L'opinione

Lugano e la solita estate di autocelebrazioni

Da Lugano Marittima alla Splendida, sul Ceresio è tutto un applauso: ma davvero il successo si misura solo sui numeri?
Enrico Carpani
Enrico Carpani
31.08.2025 06:00

Ci stiamo lasciando alle spalle la solita estate densa di autocelebrazioni sulla vivacità della città: Lugano Marittima «cartolina vivente della sua bellezza» e anche La Splendida sono ormai assurte a simboli del dinamismo di una Lugano che ci ha abituati a misurare il successo di un evento soltanto con i numeri.
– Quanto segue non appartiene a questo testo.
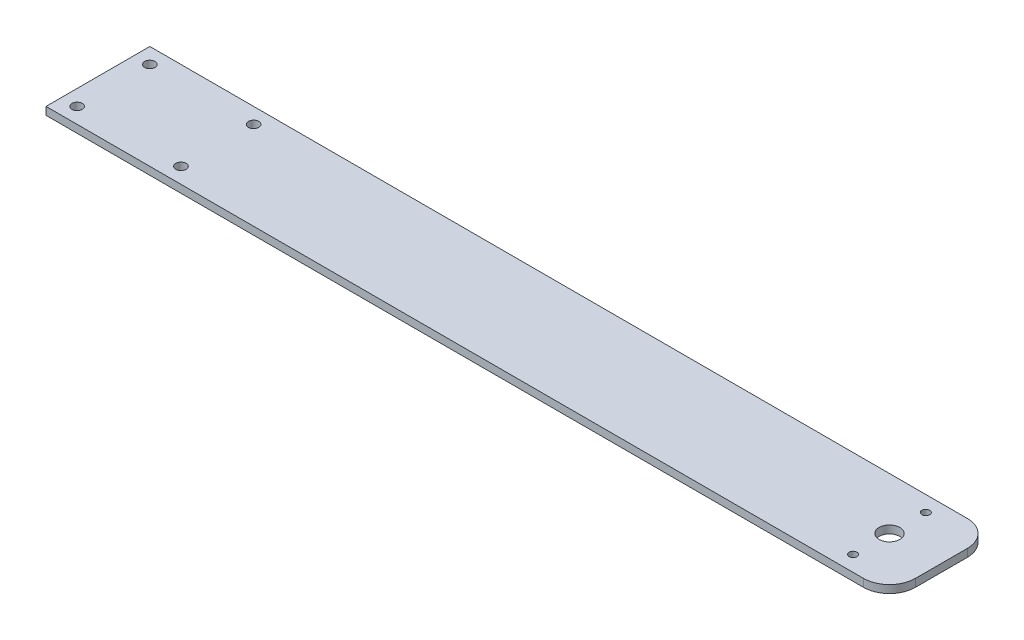
ISO-10303-21;
HEADER;
FILE_DESCRIPTION(('STEP AP214'),'2;1');
FILE_NAME('part.step','',(''),(''),'','','');
FILE_SCHEMA(('AUTOMOTIVE_DESIGN { 1 0 10303 214 1 1 1 1 }'));
ENDSEC;
DATA;
#1=APPLICATION_CONTEXT('core data for automotive mechanical design processes');
#2=APPLICATION_PROTOCOL_DEFINITION('international standard','automotive_design',2000,#1);
#3=PRODUCT_CONTEXT('',#1,'mechanical');
#4=PRODUCT('Part','Part','',(#3));
#5=PRODUCT_RELATED_PRODUCT_CATEGORY('part','',(#4));
#6=PRODUCT_DEFINITION_FORMATION('','',#4);
#7=PRODUCT_DEFINITION_CONTEXT('part definition',#1,'design');
#8=PRODUCT_DEFINITION('design','',#6,#7);
#9=PRODUCT_DEFINITION_SHAPE('','',#8);
#10=(LENGTH_UNIT() NAMED_UNIT(*) SI_UNIT(.MILLI.,.METRE.));
#11=(NAMED_UNIT(*) PLANE_ANGLE_UNIT() SI_UNIT($,.RADIAN.));
#12=(NAMED_UNIT(*) SI_UNIT($,.STERADIAN.) SOLID_ANGLE_UNIT());
#13=UNCERTAINTY_MEASURE_WITH_UNIT(LENGTH_MEASURE(1.E-05),#10,'distance_accuracy_value','');
#14=(GEOMETRIC_REPRESENTATION_CONTEXT(3) GLOBAL_UNCERTAINTY_ASSIGNED_CONTEXT((#13)) GLOBAL_UNIT_ASSIGNED_CONTEXT((#10,
#11,#12)) REPRESENTATION_CONTEXT('',''));
#15=CARTESIAN_POINT('',(0.,0.,0.));
#16=DIRECTION('',(0.,0.,1.));
#17=DIRECTION('',(1.,0.,0.));
#18=AXIS2_PLACEMENT_3D('',#15,#16,#17);
#19=CARTESIAN_POINT('',(0.,3.,0.));
#20=DIRECTION('',(0.,1.,0.));
#21=DIRECTION('',(0.,0.,1.));
#22=AXIS2_PLACEMENT_3D('',#19,#20,#21);
#23=PLANE('',#22);
#24=CARTESIAN_POINT('',(142.5,3.,-14.));
#25=DIRECTION('',(0.,1.,0.));
#26=DIRECTION('',(0.,0.,1.));
#27=AXIS2_PLACEMENT_3D('',#24,#25,#26);
#28=CIRCLE('',#27,1.5);
#29=CARTESIAN_POINT('',(142.5,3.,-12.5));
#30=VERTEX_POINT('',#29);
#31=EDGE_CURVE('E204',#30,#30,#28,.T.);
#32=ORIENTED_EDGE('',*,*,#31,.F.);
#33=EDGE_LOOP('',(#32));
#34=FACE_BOUND('',#33,.T.);
#35=CARTESIAN_POINT('',(-156.5,3.,14.));
#36=DIRECTION('',(0.,1.,0.));
#37=DIRECTION('',(0.,0.,1.));
#38=AXIS2_PLACEMENT_3D('',#35,#36,#37);
#39=CIRCLE('',#38,2.);
#40=CARTESIAN_POINT('',(-156.5,3.,16.));
#41=VERTEX_POINT('',#40);
#42=EDGE_CURVE('E216',#41,#41,#39,.T.);
#43=ORIENTED_EDGE('',*,*,#42,.F.);
#44=EDGE_LOOP('',(#43));
#45=FACE_BOUND('',#44,.T.);
#46=CARTESIAN_POINT('',(-116.5,3.,-14.));
#47=DIRECTION('',(0.,1.,0.));
#48=DIRECTION('',(0.,0.,1.));
#49=AXIS2_PLACEMENT_3D('',#46,#47,#48);
#50=CIRCLE('',#49,2.);
#51=CARTESIAN_POINT('',(-116.5,3.,-12.));
#52=VERTEX_POINT('',#51);
#53=EDGE_CURVE('E228',#52,#52,#50,.T.);
#54=ORIENTED_EDGE('',*,*,#53,.F.);
#55=EDGE_LOOP('',(#54));
#56=FACE_BOUND('',#55,.T.);
#57=DIRECTION('',(1.,0.,0.));
#58=VECTOR('',#57,1.);
#59=CARTESIAN_POINT('',(-162.5,3.,20.));
#60=LINE('',#59,#58);
#61=CARTESIAN_POINT('',(-162.5,3.,20.));
#62=VERTEX_POINT('',#61);
#63=CARTESIAN_POINT('',(152.5,3.,20.));
#64=VERTEX_POINT('',#63);
#65=EDGE_CURVE('E108',#62,#64,#60,.T.);
#66=ORIENTED_EDGE('',*,*,#65,.T.);
#67=CARTESIAN_POINT('',(152.5,3.,10.));
#68=DIRECTION('',(0.,1.,0.));
#69=DIRECTION('',(0.,0.,1.));
#70=AXIS2_PLACEMENT_3D('',#67,#68,#69);
#71=CIRCLE('',#70,10.);
#72=CARTESIAN_POINT('',(162.5,3.,10.));
#73=VERTEX_POINT('',#72);
#74=EDGE_CURVE('E41',#64,#73,#71,.T.);
#75=ORIENTED_EDGE('',*,*,#74,.T.);
#76=DIRECTION('',(0.,0.,-1.));
#77=VECTOR('',#76,1.);
#78=CARTESIAN_POINT('',(162.5,3.,-20.));
#79=LINE('',#78,#77);
#80=CARTESIAN_POINT('',(162.5,3.,-10.));
#81=VERTEX_POINT('',#80);
#82=EDGE_CURVE('E94',#73,#81,#79,.T.);
#83=ORIENTED_EDGE('',*,*,#82,.T.);
#84=CARTESIAN_POINT('',(152.5,3.,-10.));
#85=DIRECTION('',(0.,1.,0.));
#86=DIRECTION('',(0.,0.,1.));
#87=AXIS2_PLACEMENT_3D('',#84,#85,#86);
#88=CIRCLE('',#87,10.);
#89=CARTESIAN_POINT('',(152.5,3.,-20.));
#90=VERTEX_POINT('',#89);
#91=EDGE_CURVE('E48',#81,#90,#88,.T.);
#92=ORIENTED_EDGE('',*,*,#91,.T.);
#93=DIRECTION('',(-1.,0.,0.));
#94=VECTOR('',#93,1.);
#95=CARTESIAN_POINT('',(-162.5,3.,-20.));
#96=LINE('',#95,#94);
#97=CARTESIAN_POINT('',(-162.5,3.,-20.));
#98=VERTEX_POINT('',#97);
#99=EDGE_CURVE('E86',#90,#98,#96,.T.);
#100=ORIENTED_EDGE('',*,*,#99,.T.);
#101=DIRECTION('',(0.,0.,1.));
#102=VECTOR('',#101,1.);
#103=CARTESIAN_POINT('',(-162.5,3.,-20.));
#104=LINE('',#103,#102);
#105=EDGE_CURVE('E90',#98,#62,#104,.T.);
#106=ORIENTED_EDGE('',*,*,#105,.T.);
#107=EDGE_LOOP('',(#66,#75,#83,#92,#100,#106));
#108=FACE_BOUND('',#107,.T.);
#109=CARTESIAN_POINT('',(-156.5,3.,-14.));
#110=DIRECTION('',(0.,1.,0.));
#111=DIRECTION('',(0.,0.,1.));
#112=AXIS2_PLACEMENT_3D('',#109,#110,#111);
#113=CIRCLE('',#112,2.);
#114=CARTESIAN_POINT('',(-156.5,3.,-12.));
#115=VERTEX_POINT('',#114);
#116=EDGE_CURVE('E116',#115,#115,#113,.T.);
#117=ORIENTED_EDGE('',*,*,#116,.F.);
#118=EDGE_LOOP('',(#117));
#119=FACE_BOUND('',#118,.T.);
#120=CARTESIAN_POINT('',(-116.5,3.,14.));
#121=DIRECTION('',(0.,1.,0.));
#122=DIRECTION('',(0.,0.,1.));
#123=AXIS2_PLACEMENT_3D('',#120,#121,#122);
#124=CIRCLE('',#123,2.);
#125=CARTESIAN_POINT('',(-116.5,3.,16.));
#126=VERTEX_POINT('',#125);
#127=EDGE_CURVE('E222',#126,#126,#124,.T.);
#128=ORIENTED_EDGE('',*,*,#127,.F.);
#129=EDGE_LOOP('',(#128));
#130=FACE_BOUND('',#129,.T.);
#131=CARTESIAN_POINT('',(142.5,3.,0.));
#132=DIRECTION('',(0.,1.,0.));
#133=DIRECTION('',(0.,0.,1.));
#134=AXIS2_PLACEMENT_3D('',#131,#132,#133);
#135=CIRCLE('',#134,3.99999999999999);
#136=CARTESIAN_POINT('',(142.5,3.,3.99999999999999));
#137=VERTEX_POINT('',#136);
#138=EDGE_CURVE('E210',#137,#137,#135,.T.);
#139=ORIENTED_EDGE('',*,*,#138,.F.);
#140=EDGE_LOOP('',(#139));
#141=FACE_BOUND('',#140,.T.);
#142=CARTESIAN_POINT('',(142.5,3.,14.));
#143=DIRECTION('',(0.,1.,0.));
#144=DIRECTION('',(0.,0.,1.));
#145=AXIS2_PLACEMENT_3D('',#142,#143,#144);
#146=CIRCLE('',#145,1.5);
#147=CARTESIAN_POINT('',(142.5,3.,15.5));
#148=VERTEX_POINT('',#147);
#149=EDGE_CURVE('E195',#148,#148,#146,.T.);
#150=ORIENTED_EDGE('',*,*,#149,.F.);
#151=EDGE_LOOP('',(#150));
#152=FACE_BOUND('',#151,.T.);
#153=ADVANCED_FACE('F33',(#34,#45,#56,#108,#119,#130,#141,#152),#23,.T.);
#154=CARTESIAN_POINT('',(0.,0.,0.));
#155=DIRECTION('',(0.,1.,0.));
#156=DIRECTION('',(0.,0.,1.));
#157=AXIS2_PLACEMENT_3D('',#154,#155,#156);
#158=PLANE('',#157);
#159=DIRECTION('',(0.,0.,-1.));
#160=VECTOR('',#159,1.);
#161=CARTESIAN_POINT('',(162.5,0.,-20.));
#162=LINE('',#161,#160);
#163=CARTESIAN_POINT('',(162.5,0.,10.));
#164=VERTEX_POINT('',#163);
#165=CARTESIAN_POINT('',(162.5,0.,-10.));
#166=VERTEX_POINT('',#165);
#167=EDGE_CURVE('E113',#164,#166,#162,.T.);
#168=ORIENTED_EDGE('',*,*,#167,.F.);
#169=CARTESIAN_POINT('',(152.5,0.,10.));
#170=DIRECTION('',(0.,1.,0.));
#171=DIRECTION('',(0.,0.,1.));
#172=AXIS2_PLACEMENT_3D('',#169,#170,#171);
#173=CIRCLE('',#172,10.);
#174=CARTESIAN_POINT('',(152.5,0.,20.));
#175=VERTEX_POINT('',#174);
#176=EDGE_CURVE('E129',#164,#175,#173,.F.);
#177=ORIENTED_EDGE('',*,*,#176,.T.);
#178=DIRECTION('',(1.,0.,0.));
#179=VECTOR('',#178,1.);
#180=CARTESIAN_POINT('',(-162.5,0.,20.));
#181=LINE('',#180,#179);
#182=CARTESIAN_POINT('',(-162.5,0.,20.));
#183=VERTEX_POINT('',#182);
#184=EDGE_CURVE('E120',#183,#175,#181,.T.);
#185=ORIENTED_EDGE('',*,*,#184,.F.);
#186=DIRECTION('',(0.,0.,1.));
#187=VECTOR('',#186,1.);
#188=CARTESIAN_POINT('',(-162.5,0.,-20.));
#189=LINE('',#188,#187);
#190=CARTESIAN_POINT('',(-162.5,0.,-20.));
#191=VERTEX_POINT('',#190);
#192=EDGE_CURVE('E118',#191,#183,#189,.T.);
#193=ORIENTED_EDGE('',*,*,#192,.F.);
#194=DIRECTION('',(-1.,0.,0.));
#195=VECTOR('',#194,1.);
#196=CARTESIAN_POINT('',(-162.5,0.,-20.));
#197=LINE('',#196,#195);
#198=CARTESIAN_POINT('',(152.5,0.,-20.));
#199=VERTEX_POINT('',#198);
#200=EDGE_CURVE('E100',#199,#191,#197,.T.);
#201=ORIENTED_EDGE('',*,*,#200,.F.);
#202=CARTESIAN_POINT('',(152.5,0.,-10.));
#203=DIRECTION('',(0.,1.,0.));
#204=DIRECTION('',(0.,0.,1.));
#205=AXIS2_PLACEMENT_3D('',#202,#203,#204);
#206=CIRCLE('',#205,10.);
#207=EDGE_CURVE('E127',#199,#166,#206,.F.);
#208=ORIENTED_EDGE('',*,*,#207,.T.);
#209=EDGE_LOOP('',(#168,#177,#185,#193,#201,#208));
#210=FACE_BOUND('',#209,.T.);
#211=CARTESIAN_POINT('',(-156.5,0.,-14.));
#212=DIRECTION('',(0.,1.,0.));
#213=DIRECTION('',(0.,0.,1.));
#214=AXIS2_PLACEMENT_3D('',#211,#212,#213);
#215=CIRCLE('',#214,2.);
#216=CARTESIAN_POINT('',(-156.5,0.,-12.));
#217=VERTEX_POINT('',#216);
#218=EDGE_CURVE('E231',#217,#217,#215,.T.);
#219=ORIENTED_EDGE('',*,*,#218,.T.);
#220=EDGE_LOOP('',(#219));
#221=FACE_BOUND('',#220,.T.);
#222=CARTESIAN_POINT('',(-116.5,0.,-14.));
#223=DIRECTION('',(0.,1.,0.));
#224=DIRECTION('',(0.,0.,1.));
#225=AXIS2_PLACEMENT_3D('',#222,#223,#224);
#226=CIRCLE('',#225,2.);
#227=CARTESIAN_POINT('',(-116.5,0.,-12.));
#228=VERTEX_POINT('',#227);
#229=EDGE_CURVE('E225',#228,#228,#226,.T.);
#230=ORIENTED_EDGE('',*,*,#229,.T.);
#231=EDGE_LOOP('',(#230));
#232=FACE_BOUND('',#231,.T.);
#233=CARTESIAN_POINT('',(-116.5,0.,14.));
#234=DIRECTION('',(0.,1.,0.));
#235=DIRECTION('',(0.,0.,1.));
#236=AXIS2_PLACEMENT_3D('',#233,#234,#235);
#237=CIRCLE('',#236,2.);
#238=CARTESIAN_POINT('',(-116.5,0.,16.));
#239=VERTEX_POINT('',#238);
#240=EDGE_CURVE('E219',#239,#239,#237,.T.);
#241=ORIENTED_EDGE('',*,*,#240,.T.);
#242=EDGE_LOOP('',(#241));
#243=FACE_BOUND('',#242,.T.);
#244=CARTESIAN_POINT('',(-156.5,0.,14.));
#245=DIRECTION('',(0.,1.,0.));
#246=DIRECTION('',(0.,0.,1.));
#247=AXIS2_PLACEMENT_3D('',#244,#245,#246);
#248=CIRCLE('',#247,2.);
#249=CARTESIAN_POINT('',(-156.5,0.,16.));
#250=VERTEX_POINT('',#249);
#251=EDGE_CURVE('E213',#250,#250,#248,.T.);
#252=ORIENTED_EDGE('',*,*,#251,.T.);
#253=EDGE_LOOP('',(#252));
#254=FACE_BOUND('',#253,.T.);
#255=CARTESIAN_POINT('',(142.5,0.,0.));
#256=DIRECTION('',(0.,1.,0.));
#257=DIRECTION('',(0.,0.,1.));
#258=AXIS2_PLACEMENT_3D('',#255,#256,#257);
#259=CIRCLE('',#258,3.99999999999999);
#260=CARTESIAN_POINT('',(142.5,0.,3.99999999999999));
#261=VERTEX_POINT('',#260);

Che contano, certo, ma non al punto da annullare qualsiasi altro criterio di valutazione per manifestazioni di forte impatto su varie componenti di ogni delicata struttura urbana. Dietro questo ostentato positivismo nel bilancio degli ultimi mesi si celano comunque anche alcuni imbarazzanti pasticci e soprattutto qualche serio problema: l’ennesimo inciampo sulle possibilità di sfruttamento dello stadio di Cornaredo e certe manchevolezze nella cura dell’arredo urbano - su tutte l’orribile semaforo provvisorio che si sarebbe potuto e dovuto semplicemente sistemare e che invece dopo otto anni è stato eliminato creando un fattore di estrema criticità nel delicatissimo ecosistema della viabilità - sono soltanto un paio di temi che stanno a cuore a molti luganesi e che sarebbe dunque giusto approfondire.

Oggi però la priorità assoluta è la sicurezza. Per capirlo, anzi più che altro accettarlo, basterebbe ascoltare, leggere, entrare davvero nelle preoccupazioni di chi queste situazioni le vive quotidianamente. I recenti episodi di violenza di gruppo dimostrano che non si può più parlare di casualità: come si era provato a suggerire anni fa la situazione è andata peggiorando e la notte la città è molto meno sicura - o se vi fa sentire meglio… assai meno rassicurante - di quanto si voglia far credere. Attribuire le responsabilità di certi comportamenti alla società, alle famiglie, alla scuola, agli smartphone è intellettualmente corretto, ma di certo non è utile per individuare le contromisure da adottare in tempi brevi.

Addirittura, questo approccio di cui un po’ tutti coloro che sono stati chiamati in causa hanno creduto di potersi servire per smarcarsi dai rispettivi compiti istituzionali finisce per sembrare il più classico degli espedienti per scaricare il problema su dimensioni che sfuggono a qualsiasi forma di controllo diretto. Che sarebbe poi uno dei principali doveri di ogni autorità: nessuno si aspetta dalle forze dell’ordine lezioni di sociologia spicciola, ma strategie di intervento che tutelino la sicurezza generale. Il resto è poco più di aria fritta, come l’ingiustificato, stizzito risentimento di una categoria - la polizia appunto - che merita il massimo rispetto ma che non deve degradare a strumentalizzazioni. In questo momento la lucidità servirebbe più dei consigli di chi ha risolto problematiche difficili ma comunque molto diverse come lo spaccio di droga e dell’ostinazione di chi giudica i fatti sempre e soltanto dalla propria prospettiva. Perché se proprio quando si prevede un imponente spiegamento di agenti non si pensa a un presidio ravvicinato e attivo nel luogo che tutti sanno essere il più a rischio un errore tattico è stato pur commesso, o no?

Non serve l’accademia di West Point per rendersene conto. E allora mi auguro che nel bel progetto di riqualifica dell’area - con tanto di doverosa attenzione al verde e alla riduzione del calore - non ci si dimentichi di trovare lo spazio per un posto di polizia stabile e molto visibile. Non è nemmeno indispensabile che la politica ci creda per realizzarlo: per una volta sarebbe giusto - e magari anche intelligente - che lo faccia soltanto perché la gente, tanta gente, pensa che sia necessario.